*Problem details*. Reproduce the data that follows character for character, but omit its pictures.

*Stored items from a collection*.

==========

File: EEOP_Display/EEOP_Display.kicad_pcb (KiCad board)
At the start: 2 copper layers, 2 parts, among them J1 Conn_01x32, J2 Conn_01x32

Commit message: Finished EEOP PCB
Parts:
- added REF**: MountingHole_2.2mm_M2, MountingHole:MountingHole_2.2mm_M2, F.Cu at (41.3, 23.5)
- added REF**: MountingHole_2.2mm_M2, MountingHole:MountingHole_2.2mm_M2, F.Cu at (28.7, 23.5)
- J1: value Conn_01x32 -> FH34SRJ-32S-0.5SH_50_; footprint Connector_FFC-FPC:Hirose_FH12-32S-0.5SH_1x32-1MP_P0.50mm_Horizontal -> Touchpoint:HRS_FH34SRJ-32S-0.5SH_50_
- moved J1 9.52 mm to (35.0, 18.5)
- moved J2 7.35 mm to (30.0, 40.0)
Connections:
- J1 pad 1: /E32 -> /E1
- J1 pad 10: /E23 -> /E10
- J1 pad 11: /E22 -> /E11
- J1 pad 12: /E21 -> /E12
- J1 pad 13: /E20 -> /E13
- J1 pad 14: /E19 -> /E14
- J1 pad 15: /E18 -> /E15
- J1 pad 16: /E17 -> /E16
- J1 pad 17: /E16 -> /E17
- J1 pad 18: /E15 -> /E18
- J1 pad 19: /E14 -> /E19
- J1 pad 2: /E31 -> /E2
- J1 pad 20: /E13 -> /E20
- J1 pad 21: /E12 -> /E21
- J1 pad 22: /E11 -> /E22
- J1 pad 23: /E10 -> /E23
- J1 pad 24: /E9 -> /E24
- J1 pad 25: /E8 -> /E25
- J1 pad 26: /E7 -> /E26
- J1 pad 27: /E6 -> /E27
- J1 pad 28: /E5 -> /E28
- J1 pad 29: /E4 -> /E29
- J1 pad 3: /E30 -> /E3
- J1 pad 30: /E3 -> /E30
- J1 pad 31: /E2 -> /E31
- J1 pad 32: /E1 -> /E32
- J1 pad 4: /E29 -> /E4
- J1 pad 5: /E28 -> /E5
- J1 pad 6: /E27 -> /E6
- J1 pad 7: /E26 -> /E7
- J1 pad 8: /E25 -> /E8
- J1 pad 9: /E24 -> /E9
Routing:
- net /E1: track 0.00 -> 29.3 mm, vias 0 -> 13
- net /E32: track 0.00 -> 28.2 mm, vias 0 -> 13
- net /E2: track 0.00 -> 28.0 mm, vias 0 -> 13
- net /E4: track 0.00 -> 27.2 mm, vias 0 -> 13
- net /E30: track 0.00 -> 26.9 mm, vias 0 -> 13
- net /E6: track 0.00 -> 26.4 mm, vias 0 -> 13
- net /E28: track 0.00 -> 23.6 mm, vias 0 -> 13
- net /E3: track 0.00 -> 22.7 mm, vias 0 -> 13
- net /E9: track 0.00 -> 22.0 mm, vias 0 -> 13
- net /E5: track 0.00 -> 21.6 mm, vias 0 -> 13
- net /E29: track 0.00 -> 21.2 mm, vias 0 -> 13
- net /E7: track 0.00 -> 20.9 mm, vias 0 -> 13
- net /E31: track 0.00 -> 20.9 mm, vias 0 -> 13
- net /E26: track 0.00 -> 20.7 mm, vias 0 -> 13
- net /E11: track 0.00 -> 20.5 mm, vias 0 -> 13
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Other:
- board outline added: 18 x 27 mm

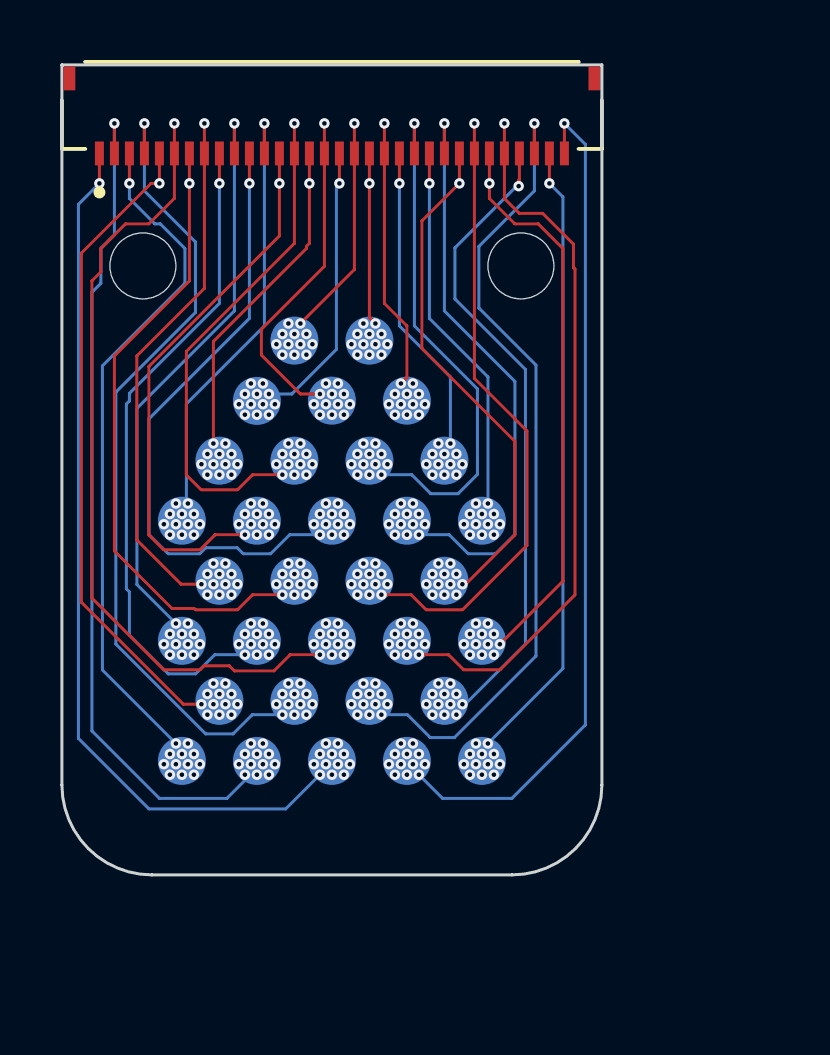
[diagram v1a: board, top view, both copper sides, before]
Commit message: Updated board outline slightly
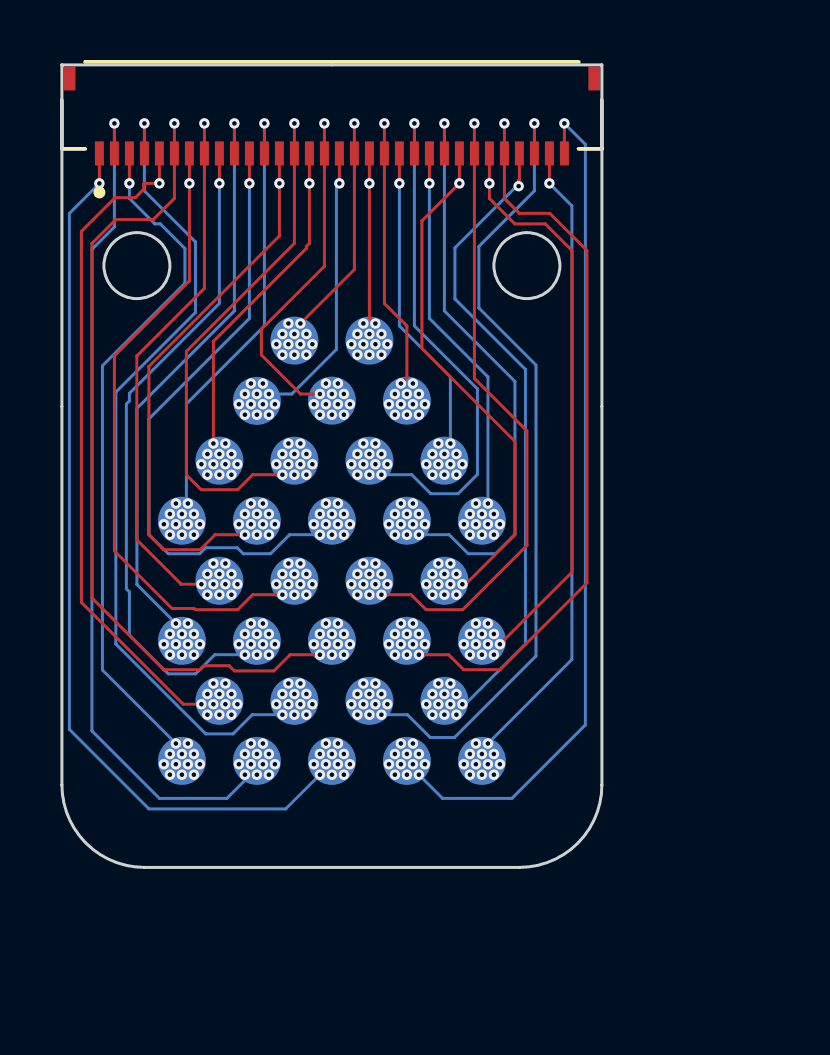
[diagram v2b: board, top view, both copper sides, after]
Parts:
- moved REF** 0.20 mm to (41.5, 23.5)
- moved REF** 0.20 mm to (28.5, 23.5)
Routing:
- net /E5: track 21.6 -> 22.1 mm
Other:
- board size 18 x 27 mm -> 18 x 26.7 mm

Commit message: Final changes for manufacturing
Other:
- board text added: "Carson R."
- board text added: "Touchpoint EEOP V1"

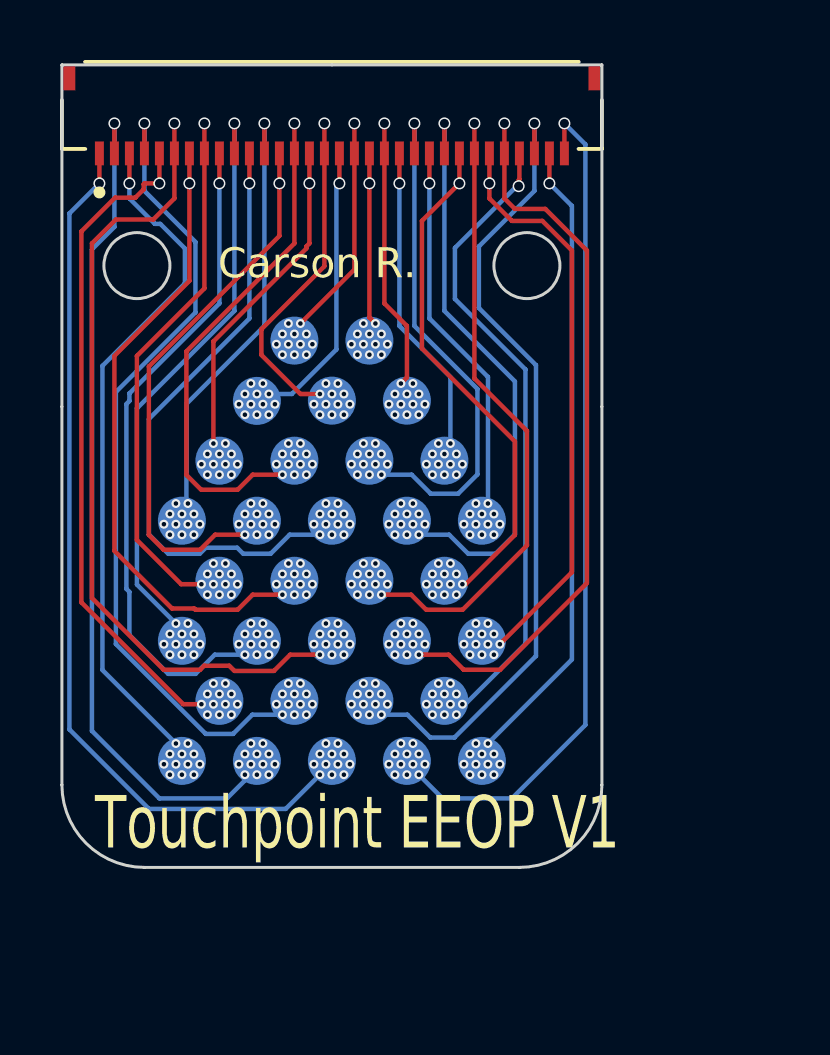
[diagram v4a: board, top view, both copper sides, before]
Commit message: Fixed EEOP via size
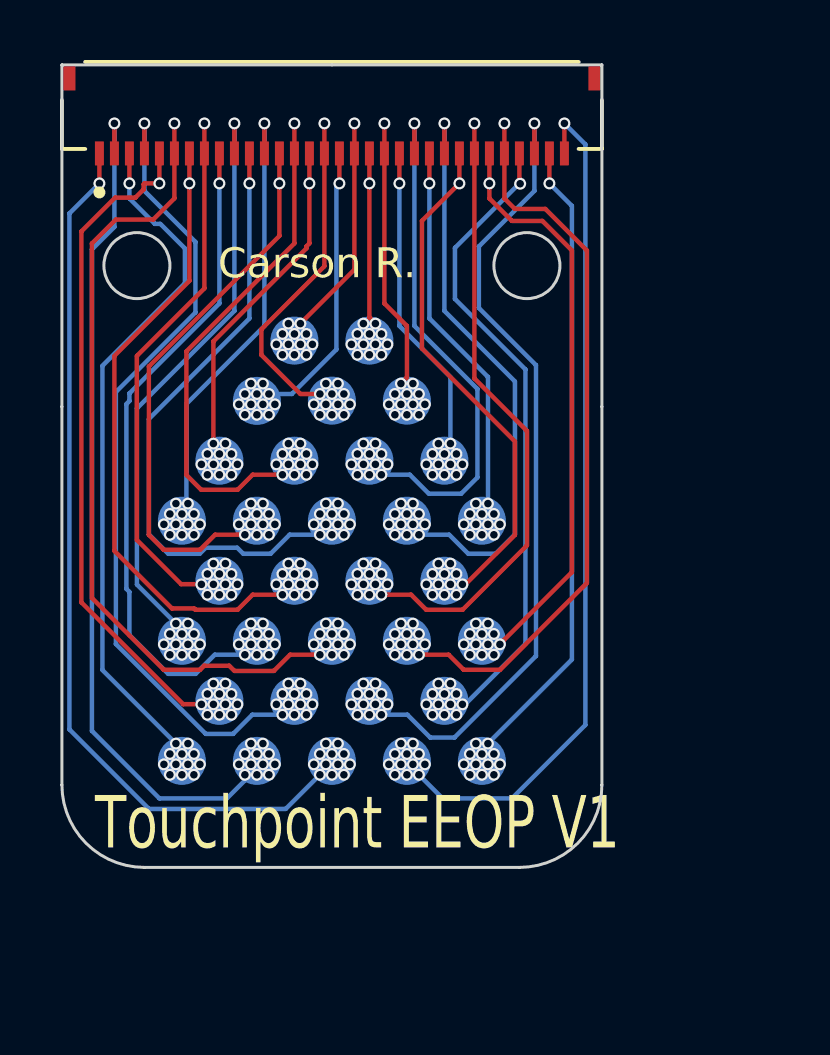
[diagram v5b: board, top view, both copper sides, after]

==========

*Output for this exercise*.
File: EEOP_Display/EEOP_Display.kicad_pcb (KiCad board)
At the start: 2 copper layers, 2 parts, among them J1 Conn_01x32, J2 Conn_01x32

Commit message: Finished EEOP PCB
Parts:
- added REF**: MountingHole_2.2mm_M2, MountingHole:MountingHole_2.2mm_M2, F.Cu at (41.3, 23.5)
- added REF**: MountingHole_2.2mm_M2, MountingHole:MountingHole_2.2mm_M2, F.Cu at (28.7, 23.5)
- J1: value Conn_01x32 -> FH34SRJ-32S-0.5SH_50_; footprint Connector_FFC-FPC:Hirose_FH12-32S-0.5SH_1x32-1MP_P0.50mm_Horizontal -> Touchpoint:HRS_FH34SRJ-32S-0.5SH_50_
- moved J1 9.52 mm to (35.0, 18.5)
- moved J2 7.35 mm to (30.0, 40.0)
Connections:
- J1 pad 1: /E32 -> /E1
- J1 pad 10: /E23 -> /E10
- J1 pad 11: /E22 -> /E11
- J1 pad 12: /E21 -> /E12
- J1 pad 13: /E20 -> /E13
- J1 pad 14: /E19 -> /E14
- J1 pad 15: /E18 -> /E15
- J1 pad 16: /E17 -> /E16
- J1 pad 17: /E16 -> /E17
- J1 pad 18: /E15 -> /E18
- J1 pad 19: /E14 -> /E19
- J1 pad 2: /E31 -> /E2
- J1 pad 20: /E13 -> /E20
- J1 pad 21: /E12 -> /E21
- J1 pad 22: /E11 -> /E22
- J1 pad 23: /E10 -> /E23
- J1 pad 24: /E9 -> /E24
- J1 pad 25: /E8 -> /E25
- J1 pad 26: /E7 -> /E26
- J1 pad 27: /E6 -> /E27
- J1 pad 28: /E5 -> /E28
- J1 pad 29: /E4 -> /E29
- J1 pad 3: /E30 -> /E3
- J1 pad 30: /E3 -> /E30
- J1 pad 31: /E2 -> /E31
- J1 pad 32: /E1 -> /E32
- J1 pad 4: /E29 -> /E4
- J1 pad 5: /E28 -> /E5
- J1 pad 6: /E27 -> /E6
- J1 pad 7: /E26 -> /E7
- J1 pad 8: /E25 -> /E8
- J1 pad 9: /E24 -> /E9
Routing:
- net /E1: track 0.00 -> 29.3 mm, vias 0 -> 13
- net /E32: track 0.00 -> 28.2 mm, vias 0 -> 13
- net /E2: track 0.00 -> 28.0 mm, vias 0 -> 13
- net /E4: track 0.00 -> 27.2 mm, vias 0 -> 13
- net /E30: track 0.00 -> 26.9 mm, vias 0 -> 13
- net /E6: track 0.00 -> 26.4 mm, vias 0 -> 13
- net /E28: track 0.00 -> 23.6 mm, vias 0 -> 13
- net /E3: track 0.00 -> 22.7 mm, vias 0 -> 13
- net /E9: track 0.00 -> 22.0 mm, vias 0 -> 13
- net /E5: track 0.00 -> 21.6 mm, vias 0 -> 13
- net /E29: track 0.00 -> 21.2 mm, vias 0 -> 13
- net /E7: track 0.00 -> 20.9 mm, vias 0 -> 13
- net /E31: track 0.00 -> 20.9 mm, vias 0 -> 13
- net /E26: track 0.00 -> 20.7 mm, vias 0 -> 13
- net /E11: track 0.00 -> 20.5 mm, vias 0 -> 13
Other:
- board outline added: 18 x 27 mm

[diagram v1a: board, top view, both copper sides, before]
Commit message: Updated board outline slightly
[diagram v2b: board, top view, both copper sides, after]
Parts:
- moved REF** 0.20 mm to (41.5, 23.5)
- moved REF** 0.20 mm to (28.5, 23.5)
Routing:
- net /E5: track 21.6 -> 22.1 mm
Other:
- board size 18 x 27 mm -> 18 x 26.7 mm

Commit message: Final changes for manufacturing
Other:
- board text added: "Carson R."
- board text added: "Touchpoint EEOP V1"

[diagram v4a: board, top view, both copper sides, before]
Commit message: Fixed EEOP via size
[diagram v5b: board, top view, both copper sides, after]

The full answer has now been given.